### Your task:
Write out the whole listing below exactly, skipping each picture.

Top of Available data

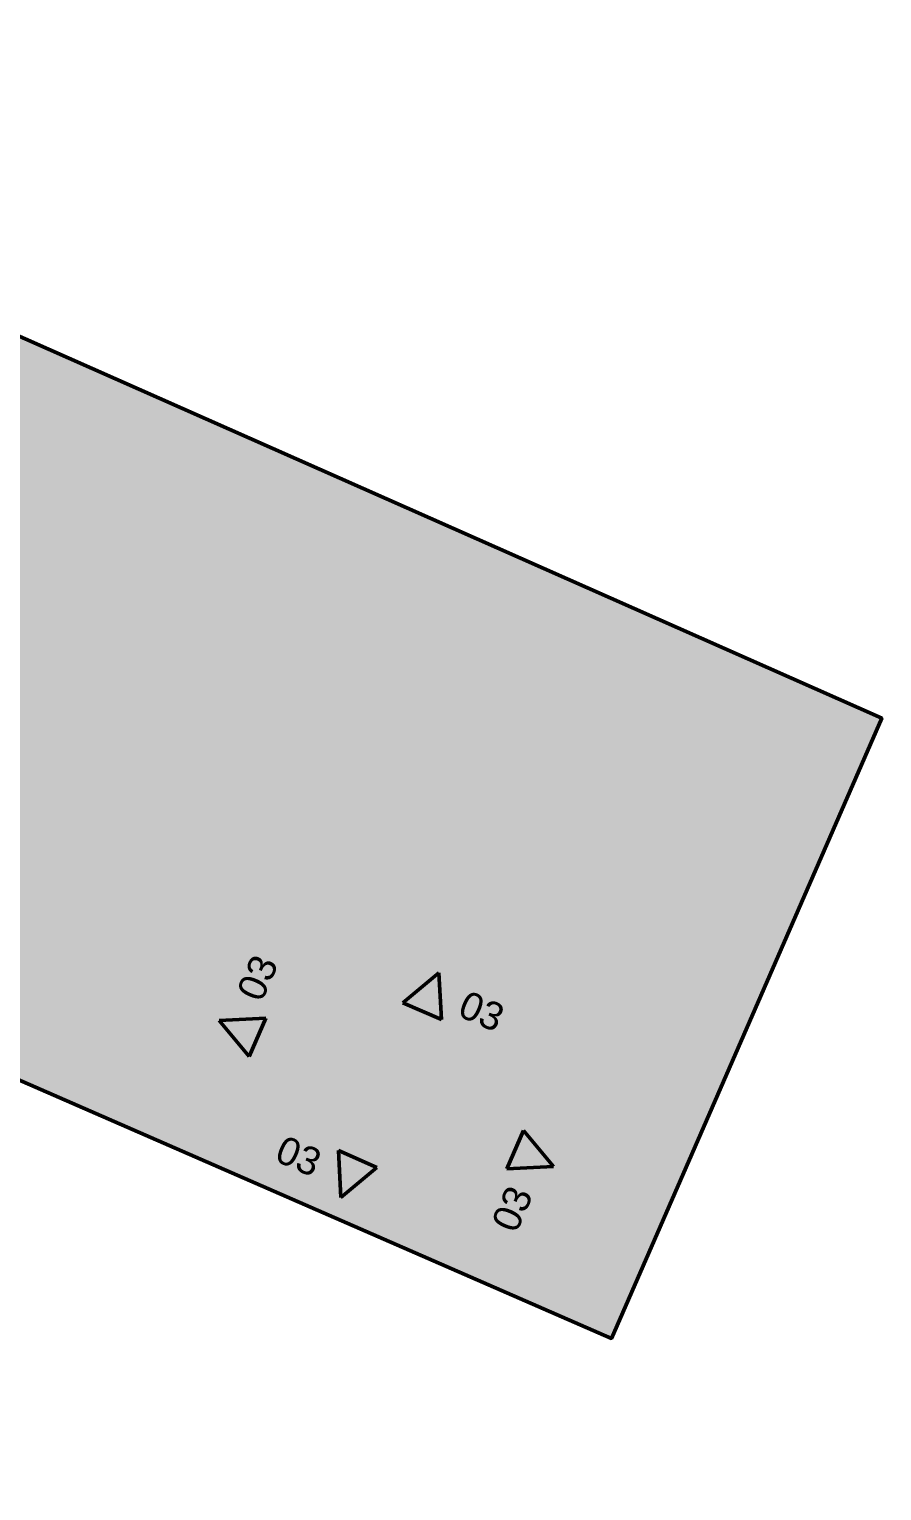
# Model space of a CAD drawing. Header units: millimetres. Extents: x -46169 to 135069, y -86316 to 18123.
# Drawn here: x 44450 to 74924, y -34097 to 18123 of the extents above; entities that cross this region are included whole.
import ezdxf

# ---------------------------------------------------------------- set-up
doc = ezdxf.new("R2010")
doc.units = ezdxf.units.MM
doc.header["$MEASUREMENT"] = 0
doc.layers.add('A-95-MC_Marker_Interior.Marker', color=7, linetype='Continuous')
for name, color, linetype, lineweight, true_color in [('A-95-MC_Marker_Interior.Marker_Pen_No__25', 7, 'Continuous', 50, 0x2a2a2a), ('A-95-P_Building_Outline_Elevations_Pen_No__242', 7, 'Continuous', 13, 0xeda42a), ('A-95-P_Building_Outline_Elevations_Pen_No__28', 7, 'Continuous', 50, 0x2a2a2a)]:
    doc.layers.add(name, color=color, linetype=linetype, lineweight=lineweight, true_color=true_color)
doc.layers.add('A-95-MC_Marker_Interior.Marker_Pen_No__3', color=7, linetype='Continuous', lineweight=18)
doc.layers.add('A-95-P_Building_Outline_Elevations_Pen_No__22', color=8, linetype='Continuous', lineweight=50)
doc.styles.add('GENERATED_STYLE_2', font='')
doc.styles.get('GENERATED_STYLE_2').set_extended_font_data('Arial')

# ---------------------------------------------------------------- blocks, each defined once
blk = doc.blocks.new('Interior Elevation_6_1', base_point=(64855, -19737))
at = {"layer": 'A-95-MC_Marker_Interior.Marker_Pen_No__25', "linetype": 'Continuous'}
for points in [[(59183, -17263), (57808, -16663), (59095, -15588)], [(52910, -17208), (52310, -18583), (51235, -17296)], [(61517, -22598), (62117, -21223), (63192, -22510)], [(55505, -21944), (56880, -22543), (55593, -23618)]]:
    blk.add_hatch(color=256, dxfattribs=at).paths.add_polyline_path(points)
for p, q in [((57808, -16663), (59095, -15588)), ((59095, -15588), (59183, -17263)), ((59183, -17263), (57808, -16663)), ((51235, -17296), (52910, -17208)), ((52910, -17208), (52310, -18583)), ((52310, -18583), (51235, -17296)), ((61517, -22598), (62117, -21223)), ((62117, -21223), (63192, -22510)), ((55593, -23618), (55505, -21944)), ((55505, -21944), (56880, -22543)), ((56880, -22543), (55593, -23618)), ((63192, -22510), (61517, -22598))]:
    blk.add_line(p, q, dxfattribs=at)
at = {"layer": 'A-95-MC_Marker_Interior.Marker_Pen_No__3', "char_height": 1000, "attachment_point": 9, "style": 'GENERATED_STYLE_2'}
for insert, rotation in [((53388, -15261), 66.4404), ((61129, -17741), 336.4404), ((54589, -22919), 336.4404), ((62492, -23514), 66.4404)]:
    blk.add_mtext('\\A1;{\\fArial|b0|i0|c0|p34;03}', dxfattribs=dict(at, insert=insert, rotation=rotation))

msp = doc.modelspace()

# ---------------------------------------------------------------- hatches: boundary and pattern name
at = {"layer": 'A-95-P_Building_Outline_Elevations_Pen_No__22', "linetype": 'Continuous'}
msp.add_hatch(color=256, dxfattribs=at).paths.add_polyline_path([(74924, -6493), (65260, -28655), (-80, -166), (10755, 9886), (14860, 8122), (19171, 17819)])
at = {"layer": 'A-95-P_Building_Outline_Elevations_Pen_No__242', "linetype": 'Continuous'}
msp.add_hatch(color=256, dxfattribs=at).paths.add_polyline_path([(-45057, -52842, 0.038132), (-45256, -59291, 0.030654), (-44658, -64479), (-44395, -64449, -0.020234), (-44928, -60059), (-42300, -61236, 0.017065), (-41906, -64257, 0.08541), (-40870, -67159, 0.157807), (-38080, -69687, 0.413736), (-269, -54745), (-1203, -54337), (1084, -49093), (12592, -54105), (22461, -31473), (11338, -26624), (19209, -8574), (65260, -28655), (74924, -6493), (19297, 18123), (19144, 17830), (-98, -155), (403, -373), (-2152, -2756), (-2173, -2734), (-11024, -11006), (-11270, -10741), (-18238, -17226), (-17527, -17990), (-21337, -26580), (-26012, -24477), (-35791, -33615, 0.170708)])

# ---------------------------------------------------------------- linework, layer by layer
at = {"layer": 'A-95-P_Building_Outline_Elevations_Pen_No__28', "linetype": 'Continuous', "flags": 128}
msp.add_lwpolyline([(19209, -8574), (65260, -28655), (74924, -6493), (19297, 18123)], dxfattribs=at)

# ---------------------------------------------------------------- block references
at = {"layer": 'A-95-MC_Marker_Interior.Marker', "lineweight": 0}
msp.add_blockref('Interior Elevation_6_1', (64855, -19737), dxfattribs=at)

doc.saveas('drawing.dxf')

Bottom of Available data

### Written solution:
# Model space of a CAD drawing. Header units: millimetres. Extents: x -46169 to 135069, y -86316 to 18123.
# Drawn here: x 44450 to 74924, y -34097 to 18123 of the extents above; entities that cross this region are included whole.
import ezdxf

# ---------------------------------------------------------------- set-up
doc = ezdxf.new("R2010")
doc.units = ezdxf.units.MM
doc.header["$MEASUREMENT"] = 0
doc.layers.add('A-95-MC_Marker_Interior.Marker', color=7, linetype='Continuous')
for name, color, linetype, lineweight, true_color in [('A-95-MC_Marker_Interior.Marker_Pen_No__25', 7, 'Continuous', 50, 0x2a2a2a), ('A-95-P_Building_Outline_Elevations_Pen_No__242', 7, 'Continuous', 13, 0xeda42a), ('A-95-P_Building_Outline_Elevations_Pen_No__28', 7, 'Continuous', 50, 0x2a2a2a)]:
    doc.layers.add(name, color=color, linetype=linetype, lineweight=lineweight, true_color=true_color)
doc.layers.add('A-95-MC_Marker_Interior.Marker_Pen_No__3', color=7, linetype='Continuous', lineweight=18)
doc.layers.add('A-95-P_Building_Outline_Elevations_Pen_No__22', color=8, linetype='Continuous', lineweight=50)
doc.styles.add('GENERATED_STYLE_2', font='')
doc.styles.get('GENERATED_STYLE_2').set_extended_font_data('Arial')

# ---------------------------------------------------------------- blocks, each defined once
blk = doc.blocks.new('Interior Elevation_6_1', base_point=(64855, -19737))
at = {"layer": 'A-95-MC_Marker_Interior.Marker_Pen_No__25', "linetype": 'Continuous'}
for points in [[(59183, -17263), (57808, -16663), (59095, -15588)], [(52910, -17208), (52310, -18583), (51235, -17296)], [(61517, -22598), (62117, -21223), (63192, -22510)], [(55505, -21944), (56880, -22543), (55593, -23618)]]:
    blk.add_hatch(color=256, dxfattribs=at).paths.add_polyline_path(points)
for p, q in [((57808, -16663), (59095, -15588)), ((59095, -15588), (59183, -17263)), ((59183, -17263), (57808, -16663)), ((51235, -17296), (52910, -17208)), ((52910, -17208), (52310, -18583)), ((52310, -18583), (51235, -17296)), ((61517, -22598), (62117, -21223)), ((62117, -21223), (63192, -22510)), ((55593, -23618), (55505, -21944)), ((55505, -21944), (56880, -22543)), ((56880, -22543), (55593, -23618)), ((63192, -22510), (61517, -22598))]:
    blk.add_line(p, q, dxfattribs=at)
at = {"layer": 'A-95-MC_Marker_Interior.Marker_Pen_No__3', "char_height": 1000, "attachment_point": 9, "style": 'GENERATED_STYLE_2'}
for insert, rotation in [((53388, -15261), 66.4404), ((61129, -17741), 336.4404), ((54589, -22919), 336.4404), ((62492, -23514), 66.4404)]:
    blk.add_mtext('\\A1;{\\fArial|b0|i0|c0|p34;03}', dxfattribs=dict(at, insert=insert, rotation=rotation))

msp = doc.modelspace()

# ---------------------------------------------------------------- hatches: boundary and pattern name
at = {"layer": 'A-95-P_Building_Outline_Elevations_Pen_No__22', "linetype": 'Continuous'}
msp.add_hatch(color=256, dxfattribs=at).paths.add_polyline_path([(74924, -6493), (65260, -28655), (-80, -166), (10755, 9886), (14860, 8122), (19171, 17819)])
at = {"layer": 'A-95-P_Building_Outline_Elevations_Pen_No__242', "linetype": 'Continuous'}
msp.add_hatch(color=256, dxfattribs=at).paths.add_polyline_path([(-45057, -52842, 0.038132), (-45256, -59291, 0.030654), (-44658, -64479), (-44395, -64449, -0.020234), (-44928, -60059), (-42300, -61236, 0.017065), (-41906, -64257, 0.08541), (-40870, -67159, 0.157807), (-38080, -69687, 0.413736), (-269, -54745), (-1203, -54337), (1084, -49093), (12592, -54105), (22461, -31473), (11338, -26624), (19209, -8574), (65260, -28655), (74924, -6493), (19297, 18123), (19144, 17830), (-98, -155), (403, -373), (-2152, -2756), (-2173, -2734), (-11024, -11006), (-11270, -10741), (-18238, -17226), (-17527, -17990), (-21337, -26580), (-26012, -24477), (-35791, -33615, 0.170708)])

# ---------------------------------------------------------------- linework, layer by layer
at = {"layer": 'A-95-P_Building_Outline_Elevations_Pen_No__28', "linetype": 'Continuous', "flags": 128}
msp.add_lwpolyline([(19209, -8574), (65260, -28655), (74924, -6493), (19297, 18123)], dxfattribs=at)

# ---------------------------------------------------------------- block references
at = {"layer": 'A-95-MC_Marker_Interior.Marker', "lineweight": 0}
msp.add_blockref('Interior Elevation_6_1', (64855, -19737), dxfattribs=at)

doc.saveas('drawing.dxf')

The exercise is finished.